Quando se fala de despesas fixas, a farmácia, por enquanto ainda não leva grande fatia. Mas lá vem um achaque ou outro que exige um pouco mais do mês. No início de janeiro, teve um desses problemas: “Uma úlcera no estômago”. Na consulta do Centro de Saúde, foram-lhe receitados três medicamentos imprescindíveis para o tratamento. Um protetor para o estômago, um antibiótico e um medicamento para as dores. “Tive de dizer à médica ‘oh doutora, este mês, não consigo’”, confessa.

José veio para casa de receita na mão e sem os remédios. À espera de que o chá ajudasse a travar a maleita. Estávamos a 7 de janeiro e José já não conseguia fazer face a uma despesa extraordinária de mais de 30 euros.

Já a tarde tinha escurecido quando lhe tocaram à campainha. José nem queria acreditar: “era a doutora Sofia. Aquela médica é um anjo. Foi à farmácia, comprou-me os medicamentos e veio trazê-los a casa”.

O canto dos pássaros

José parece não querer largar as recordações. Há muito que a casa não vê obras: “Olhe, pintei eu há pouco tempo o meu quarto. Até pintei a parede da cabeceira de vermelho, que eu gosto do Benfica”.

José vive com 587 euros de reforma. Mas paga 340 euros de renda de casa e ainda a mensalidade do aparelho auditivo. (CNN/ Manuela Micael)

Na varanda, amontoam-se escadotes, pincéis, latas de tinta meias cheias e rolos de pintor: “Mas agora, mesmo que eu queira trabalhar, não tenho saúde. Não me sinto capaz”.

Com as ferramentas abandonadas, convivem duas gaiolas grandes. Uma tem um periquito preto e vermelho. Parece falar com o dono. A outra tem um pássaro branco e dois amarelos. “São a minha companhia. Um dia, que já não possa cuidar deles, aqueles dou-os a quem os quiser e este abro a porta da gaiola e deixo-o ir à vida dele”, planifica.

Agora é ele quem se sente “preso numa gaiola”. Tinha “um carrito velho” que dava para “as minhas voltinhas”. “O outro dia, uma senhora que não respeitou o stop, bateu-me e foi perda total. O perito disse-me que me devem dar uns 800 euros por ele. Olhe, se assim for, vou pagar à minha irmã e depois logo vejo”, conta.
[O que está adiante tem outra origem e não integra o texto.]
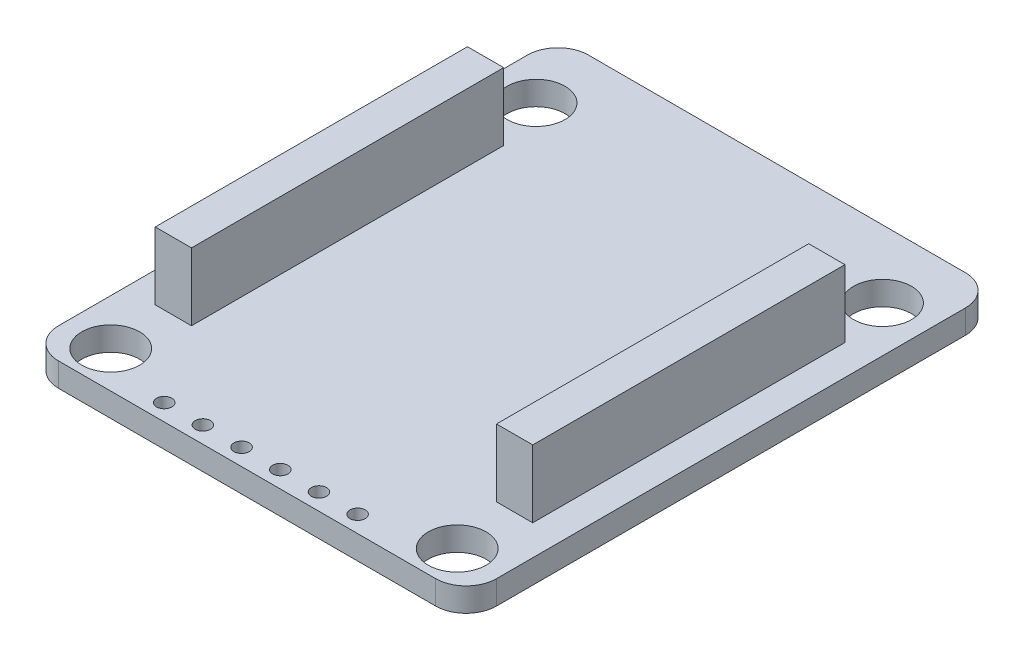
ISO-10303-21;
HEADER;
FILE_DESCRIPTION(('STEP AP214'),'2;1');
FILE_NAME('part.step','',(''),(''),'','','');
FILE_SCHEMA(('AUTOMOTIVE_DESIGN { 1 0 10303 214 1 1 1 1 }'));
ENDSEC;
DATA;
#1=APPLICATION_CONTEXT('core data for automotive mechanical design processes');
#2=APPLICATION_PROTOCOL_DEFINITION('international standard','automotive_design',2000,#1);
#3=PRODUCT_CONTEXT('',#1,'mechanical');
#4=PRODUCT('Part','Part','',(#3));
#5=PRODUCT_RELATED_PRODUCT_CATEGORY('part','',(#4));
#6=PRODUCT_DEFINITION_FORMATION('','',#4);
#7=PRODUCT_DEFINITION_CONTEXT('part definition',#1,'design');
#8=PRODUCT_DEFINITION('design','',#6,#7);
#9=PRODUCT_DEFINITION_SHAPE('','',#8);
#10=(LENGTH_UNIT() NAMED_UNIT(*) SI_UNIT(.MILLI.,.METRE.));
#11=(NAMED_UNIT(*) PLANE_ANGLE_UNIT() SI_UNIT($,.RADIAN.));
#12=(NAMED_UNIT(*) SI_UNIT($,.STERADIAN.) SOLID_ANGLE_UNIT());
#13=UNCERTAINTY_MEASURE_WITH_UNIT(LENGTH_MEASURE(1.E-05),#10,'distance_accuracy_value','');
#14=(GEOMETRIC_REPRESENTATION_CONTEXT(3) GLOBAL_UNCERTAINTY_ASSIGNED_CONTEXT((#13)) GLOBAL_UNIT_ASSIGNED_CONTEXT((#10,
#11,#12)) REPRESENTATION_CONTEXT('',''));
#15=CARTESIAN_POINT('',(0.,0.,0.));
#16=DIRECTION('',(0.,0.,1.));
#17=DIRECTION('',(1.,0.,0.));
#18=AXIS2_PLACEMENT_3D('',#15,#16,#17);
#19=CARTESIAN_POINT('',(0.,1.56,0.));
#20=DIRECTION('',(0.,-1.,0.));
#21=DIRECTION('',(0.,0.,-1.));
#22=AXIS2_PLACEMENT_3D('',#19,#20,#21);
#23=PLANE('',#22);
#24=DIRECTION('',(1.,0.,0.));
#25=VECTOR('',#24,1.);
#26=CARTESIAN_POINT('',(12.3934911778298,1.56,-9.46860091157884));
#27=LINE('',#26,#25);
#28=CARTESIAN_POINT('',(10.0134911778298,1.56,-9.46860091157884));
#29=VERTEX_POINT('',#28);
#30=CARTESIAN_POINT('',(12.3934911778298,1.56,-9.46860091157884));
#31=VERTEX_POINT('',#30);
#32=EDGE_CURVE('E186',#29,#31,#27,.T.);
#33=ORIENTED_EDGE('',*,*,#32,.T.);
#34=DIRECTION('',(0.,0.,1.));
#35=VECTOR('',#34,1.);
#36=CARTESIAN_POINT('',(12.3934911778298,1.56,-9.46860091157884));
#37=LINE('',#36,#35);
#38=CARTESIAN_POINT('',(12.3934911778298,1.56,11.0313990884212));
#39=VERTEX_POINT('',#38);
#40=EDGE_CURVE('E160',#31,#39,#37,.T.);
#41=ORIENTED_EDGE('',*,*,#40,.T.);
#42=DIRECTION('',(-1.,0.,0.));
#43=VECTOR('',#42,1.);
#44=CARTESIAN_POINT('',(12.3934911778298,1.56,11.0313990884212));
#45=LINE('',#44,#43);
#46=CARTESIAN_POINT('',(10.0134911778298,1.56,11.0313990884212));
#47=VERTEX_POINT('',#46);
#48=EDGE_CURVE('E176',#39,#47,#45,.T.);
#49=ORIENTED_EDGE('',*,*,#48,.T.);
#50=DIRECTION('',(0.,0.,-1.));
#51=VECTOR('',#50,1.);
#52=CARTESIAN_POINT('',(10.0134911778298,1.56,-9.46860091157884));
#53=LINE('',#52,#51);
#54=EDGE_CURVE('E188',#47,#29,#53,.T.);
#55=ORIENTED_EDGE('',*,*,#54,.T.);
#56=EDGE_LOOP('',(#33,#41,#49,#55));
#57=FACE_BOUND('',#56,.T.);
#58=CARTESIAN_POINT('',(-6.54127549884275,1.56,16.295));
#59=DIRECTION('',(0.,1.,0.));
#60=DIRECTION('',(0.,0.,1.));
#61=AXIS2_PLACEMENT_3D('',#58,#59,#60);
#62=CIRCLE('',#61,0.5);
#63=CARTESIAN_POINT('',(-6.54127549884275,1.56,16.795));
#64=VERTEX_POINT('',#63);
#65=EDGE_CURVE('E202',#64,#64,#62,.T.);
#66=ORIENTED_EDGE('',*,*,#65,.F.);
#67=EDGE_LOOP('',(#66));
#68=FACE_BOUND('',#67,.T.);
#69=CARTESIAN_POINT('',(-4.00127549884275,1.56,16.295));
#70=DIRECTION('',(0.,1.,0.));
#71=DIRECTION('',(0.,0.,1.));
#72=AXIS2_PLACEMENT_3D('',#69,#70,#71);
#73=CIRCLE('',#72,0.5);
#74=CARTESIAN_POINT('',(-4.00127549884275,1.56,16.795));
#75=VERTEX_POINT('',#74);
#76=EDGE_CURVE('E205',#75,#75,#73,.T.);
#77=ORIENTED_EDGE('',*,*,#76,.F.);
#78=EDGE_LOOP('',(#77));
#79=FACE_BOUND('',#78,.T.);
#80=CARTESIAN_POINT('',(-1.46127549884275,1.56,16.295));
#81=DIRECTION('',(0.,1.,0.));
#82=DIRECTION('',(0.,0.,1.));
#83=AXIS2_PLACEMENT_3D('',#80,#81,#82);
#84=CIRCLE('',#83,0.5);
#85=CARTESIAN_POINT('',(-1.46127549884275,1.56,16.795));
#86=VERTEX_POINT('',#85);
#87=EDGE_CURVE('E211',#86,#86,#84,.T.);
#88=ORIENTED_EDGE('',*,*,#87,.F.);
#89=EDGE_LOOP('',(#88));
#90=FACE_BOUND('',#89,.T.);
#91=CARTESIAN_POINT('',(1.07872450115725,1.56,16.295));
#92=DIRECTION('',(0.,1.,0.));
#93=DIRECTION('',(0.,0.,1.));
#94=AXIS2_PLACEMENT_3D('',#91,#92,#93);
#95=CIRCLE('',#94,0.5);
#96=CARTESIAN_POINT('',(1.07872450115725,1.56,16.795));
#97=VERTEX_POINT('',#96);
#98=EDGE_CURVE('E217',#97,#97,#95,.T.);
#99=ORIENTED_EDGE('',*,*,#98,.F.);
#100=EDGE_LOOP('',(#99));
#101=FACE_BOUND('',#100,.T.);
#102=CARTESIAN_POINT('',(3.61872450115725,1.56,16.295));
#103=DIRECTION('',(0.,1.,0.));
#104=DIRECTION('',(0.,0.,1.));
#105=AXIS2_PLACEMENT_3D('',#102,#103,#104);
#106=CIRCLE('',#105,0.5);
#107=CARTESIAN_POINT('',(3.61872450115725,1.56,16.795));
#108=VERTEX_POINT('',#107);
#109=EDGE_CURVE('E223',#108,#108,#106,.T.);
#110=ORIENTED_EDGE('',*,*,#109,.F.);
#111=EDGE_LOOP('',(#110));
#112=FACE_BOUND('',#111,.T.);
#113=CARTESIAN_POINT('',(6.15872450115724,1.56,16.295));
#114=DIRECTION('',(0.,1.,0.));
#115=DIRECTION('',(0.,0.,1.));
#116=AXIS2_PLACEMENT_3D('',#113,#114,#115);
#117=CIRCLE('',#116,0.500000000000001);
#118=CARTESIAN_POINT('',(6.15872450115724,1.56,16.795));
#119=VERTEX_POINT('',#118);
#120=EDGE_CURVE('E229',#119,#119,#117,.T.);
#121=ORIENTED_EDGE('',*,*,#120,.F.);
#122=EDGE_LOOP('',(#121));
#123=FACE_BOUND('',#122,.T.);
#124=DIRECTION('',(0.,0.,-1.));
#125=VECTOR('',#124,1.);
#126=CARTESIAN_POINT('',(14.38,1.56,17.395));
#127=LINE('',#126,#125);
#128=CARTESIAN_POINT('',(14.38,1.56,15.395));
#129=VERTEX_POINT('',#128);
#130=CARTESIAN_POINT('',(14.38,1.56,-15.395));
#131=VERTEX_POINT('',#130);
#132=EDGE_CURVE('E291',#129,#131,#127,.T.);
#133=ORIENTED_EDGE('',*,*,#132,.T.);
#134=CARTESIAN_POINT('',(12.38,1.56,-15.395));
#135=DIRECTION('',(0.,-1.,0.));
#136=DIRECTION('',(0.,0.,-1.));
#137=AXIS2_PLACEMENT_3D('',#134,#135,#136);
#138=CIRCLE('',#137,2.);
#139=CARTESIAN_POINT('',(12.38,1.56,-17.395));
#140=VERTEX_POINT('',#139);
#141=EDGE_CURVE('E334',#131,#140,#138,.F.);
#142=ORIENTED_EDGE('',*,*,#141,.T.);
#143=DIRECTION('',(-1.,0.,0.));
#144=VECTOR('',#143,1.);
#145=CARTESIAN_POINT('',(-14.38,1.56,-17.395));
#146=LINE('',#145,#144);
#147=CARTESIAN_POINT('',(-12.38,1.56,-17.395));
#148=VERTEX_POINT('',#147);
#149=EDGE_CURVE('E294',#140,#148,#146,.T.);
#150=ORIENTED_EDGE('',*,*,#149,.T.);
#151=CARTESIAN_POINT('',(-12.38,1.56,-15.395));
#152=DIRECTION('',(0.,-1.,0.));
#153=DIRECTION('',(0.,0.,-1.));
#154=AXIS2_PLACEMENT_3D('',#151,#152,#153);
#155=CIRCLE('',#154,2.);
#156=CARTESIAN_POINT('',(-14.38,1.56,-15.395));
#157=VERTEX_POINT('',#156);
#158=EDGE_CURVE('E329',#148,#157,#155,.F.);
#159=ORIENTED_EDGE('',*,*,#158,.T.);
#160=DIRECTION('',(0.,0.,1.));
#161=VECTOR('',#160,1.);
#162=CARTESIAN_POINT('',(-14.38,1.56,17.395));
#163=LINE('',#162,#161);
#164=CARTESIAN_POINT('',(-14.38,1.56,15.395));
#165=VERTEX_POINT('',#164);
#166=EDGE_CURVE('E298',#157,#165,#163,.T.);
#167=ORIENTED_EDGE('',*,*,#166,.T.);
#168=CARTESIAN_POINT('',(-12.38,1.56,15.395));
#169=DIRECTION('',(0.,-1.,0.));
#170=DIRECTION('',(0.,0.,-1.));
#171=AXIS2_PLACEMENT_3D('',#168,#169,#170);
#172=CIRCLE('',#171,2.);
#173=CARTESIAN_POINT('',(-12.38,1.56,17.395));
#174=VERTEX_POINT('',#173);
#175=EDGE_CURVE('E62',#165,#174,#172,.F.);
#176=ORIENTED_EDGE('',*,*,#175,.T.);
#177=DIRECTION('',(1.,0.,0.));
#178=VECTOR('',#177,1.);
#179=CARTESIAN_POINT('',(-14.38,1.56,17.395));
#180=LINE('',#179,#178);
#181=CARTESIAN_POINT('',(12.38,1.56,17.395));
#182=VERTEX_POINT('',#181);
#183=EDGE_CURVE('E300',#174,#182,#180,.T.);
#184=ORIENTED_EDGE('',*,*,#183,.T.);
#185=CARTESIAN_POINT('',(12.38,1.56,15.395));
#186=DIRECTION('',(0.,-1.,0.));
#187=DIRECTION('',(0.,0.,-1.));
#188=AXIS2_PLACEMENT_3D('',#185,#186,#187);
#189=CIRCLE('',#188,2.);
#190=EDGE_CURVE('E332',#182,#129,#189,.F.);
#191=ORIENTED_EDGE('',*,*,#190,.T.);
#192=EDGE_LOOP('',(#133,#142,#150,#159,#167,#176,#184,#191));
#193=FACE_BOUND('',#192,.T.);
#194=CARTESIAN_POINT('',(11.375,1.56,14.975));
#195=DIRECTION('',(0.,1.,0.));
#196=DIRECTION('',(0.,0.,1.));
#197=AXIS2_PLACEMENT_3D('',#194,#195,#196);
#198=CIRCLE('',#197,1.9);
#199=CARTESIAN_POINT('',(11.375,1.56,16.875));
#200=VERTEX_POINT('',#199);
#201=EDGE_CURVE('E284',#200,#200,#198,.T.);
#202=ORIENTED_EDGE('',*,*,#201,.F.);
#203=EDGE_LOOP('',(#202));
#204=FACE_BOUND('',#203,.T.);
#205=CARTESIAN_POINT('',(-11.375,1.56,14.975));
#206=DIRECTION('',(0.,1.,0.));
#207=DIRECTION('',(0.,0.,1.));
#208=AXIS2_PLACEMENT_3D('',#205,#206,#207);
#209=CIRCLE('',#208,1.9);
#210=CARTESIAN_POINT('',(-11.375,1.56,16.875));
#211=VERTEX_POINT('',#210);
#212=EDGE_CURVE('E278',#211,#211,#209,.T.);
#213=ORIENTED_EDGE('',*,*,#212,.F.);
#214=EDGE_LOOP('',(#213));
#215=FACE_BOUND('',#214,.T.);
#216=CARTESIAN_POINT('',(11.375,1.56,-12.955));
#217=DIRECTION('',(0.,1.,0.));
#218=DIRECTION('',(0.,0.,1.));
#219=AXIS2_PLACEMENT_3D('',#216,#217,#218);
#220=CIRCLE('',#219,1.9);
#221=CARTESIAN_POINT('',(11.375,1.56,-11.055));
#222=VERTEX_POINT('',#221);
#223=EDGE_CURVE('E272',#222,#222,#220,.T.);
#224=ORIENTED_EDGE('',*,*,#223,.F.);
#225=EDGE_LOOP('',(#224));
#226=FACE_BOUND('',#225,.T.);
#227=CARTESIAN_POINT('',(-11.375,1.56,-12.955));
#228=DIRECTION('',(0.,1.,0.));
#229=DIRECTION('',(0.,0.,1.));
#230=AXIS2_PLACEMENT_3D('',#227,#228,#229);
#231=CIRCLE('',#230,1.9);
#232=CARTESIAN_POINT('',(-11.375,1.56,-11.055));
#233=VERTEX_POINT('',#232);
#234=EDGE_CURVE('E266',#233,#233,#231,.T.);
#235=ORIENTED_EDGE('',*,*,#234,.F.);
#236=EDGE_LOOP('',(#235));
#237=FACE_BOUND('',#236,.T.);
#238=DIRECTION('',(0.,0.,1.));
#239=VECTOR('',#238,1.);
#240=CARTESIAN_POINT('',(-12.3934911778298,1.56,-9.46860091157884));
#241=LINE('',#240,#239);
#242=CARTESIAN_POINT('',(-12.3934911778298,1.56,-9.46860091157884));
#243=VERTEX_POINT('',#242);
#244=CARTESIAN_POINT('',(-12.3934911778298,1.56,11.0313990884212));
#245=VERTEX_POINT('',#244);
#246=EDGE_CURVE('E201',#243,#245,#241,.T.);
#247=ORIENTED_EDGE('',*,*,#246,.F.);
#248=DIRECTION('',(-1.,0.,0.));
#249=VECTOR('',#248,1.);
#250=CARTESIAN_POINT('',(-12.3934911778298,1.56,-9.46860091157884));
#251=LINE('',#250,#249);
#252=CARTESIAN_POINT('',(-10.0134911778298,1.56,-9.46860091157884));
#253=VERTEX_POINT('',#252);
#254=EDGE_CURVE('E238',#253,#243,#251,.T.);
#255=ORIENTED_EDGE('',*,*,#254,.F.);
#256=DIRECTION('',(0.,0.,-1.));
#257=VECTOR('',#256,1.);
#258=CARTESIAN_POINT('',(-10.0134911778298,1.56,-9.46860091157884));
#259=LINE('',#258,#257);
#260=CARTESIAN_POINT('',(-10.0134911778298,1.56,11.0313990884212));
#261=VERTEX_POINT('',#260);
#262=EDGE_CURVE('E250',#261,#253,#259,.T.);
#263=ORIENTED_EDGE('',*,*,#262,.F.);
#264=DIRECTION('',(1.,0.,0.));
#265=VECTOR('',#264,1.);
#266=CARTESIAN_POINT('',(-12.3934911778298,1.56,11.0313990884212));
#267=LINE('',#266,#265);
#268=EDGE_CURVE('E247',#245,#261,#267,.T.);
#269=ORIENTED_EDGE('',*,*,#268,.F.);
#270=EDGE_LOOP('',(#247,#255,#263,#269));
#271=FACE_BOUND('',#270,.T.);
#272=ADVANCED_FACE('F40',(#57,#68,#79,#90,#101,#112,#123,#193,#204,#215,#226,#237,#271),#23,.F.);
#273=CARTESIAN_POINT('',(14.38,1.56,17.395));
#274=DIRECTION('',(-1.,0.,0.));
#275=DIRECTION('',(0.,0.,1.));
#276=AXIS2_PLACEMENT_3D('',#273,#274,#275);
#277=PLANE('',#276);
#278=DIRECTION('',(0.,0.,-1.));
#279=VECTOR('',#278,1.);
#280=CARTESIAN_POINT('',(14.38,0.,17.395));
#281=LINE('',#280,#279);
#282=CARTESIAN_POINT('',(14.38,0.,15.395));
#283=VERTEX_POINT('',#282);
#284=CARTESIAN_POINT('',(14.38,0.,-15.395));
#285=VERTEX_POINT('',#284);
#286=EDGE_CURVE('E290',#283,#285,#281,.T.);
#287=ORIENTED_EDGE('',*,*,#286,.T.);
#288=DIRECTION('',(0.,-1.,0.));
#289=VECTOR('',#288,1.);
#290=CARTESIAN_POINT('',(14.38,1.56,-15.395));
#291=LINE('',#290,#289);
#292=EDGE_CURVE('E327',#285,#131,#291,.F.);
#293=ORIENTED_EDGE('',*,*,#292,.T.);
#294=ORIENTED_EDGE('',*,*,#132,.F.);
#295=DIRECTION('',(0.,-1.,0.));
#296=VECTOR('',#295,1.);
#297=CARTESIAN_POINT('',(14.38,1.56,15.395));
#298=LINE('',#297,#296);
#299=EDGE_CURVE('E324',#129,#283,#298,.T.);
#300=ORIENTED_EDGE('',*,*,#299,.T.);
#301=EDGE_LOOP('',(#287,#293,#294,#300));
#302=FACE_BOUND('',#301,.T.);
#303=ADVANCED_FACE('F364',(#302),#277,.F.);
#304=CARTESIAN_POINT('',(-14.38,1.56,-17.395));
#305=DIRECTION('',(0.,0.,1.));
#306=DIRECTION('',(1.,0.,0.));
#307=AXIS2_PLACEMENT_3D('',#304,#305,#306);
#308=PLANE('',#307);
#309=ORIENTED_EDGE('',*,*,#149,.F.);
#310=DIRECTION('',(0.,-1.,0.));
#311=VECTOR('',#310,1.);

“Aqui, os transportes são miseráveis. À hora de ponta, ainda se veem uns autocarros, mas entre as 10:00 e as 16:00, se eu quiser ir a algum lado, não posso”, lamenta.

José recebe mais do que a reforma mínima, mas não passa um dia sem fazer contas à vida. É um homem desgastado física e emocionalmente e diz que a vida lhe “tem sido tão madrasta” que até já pensou “em asneiras”: “Se eu não fosse tão católico, porque sou, já tinha feito alguma”.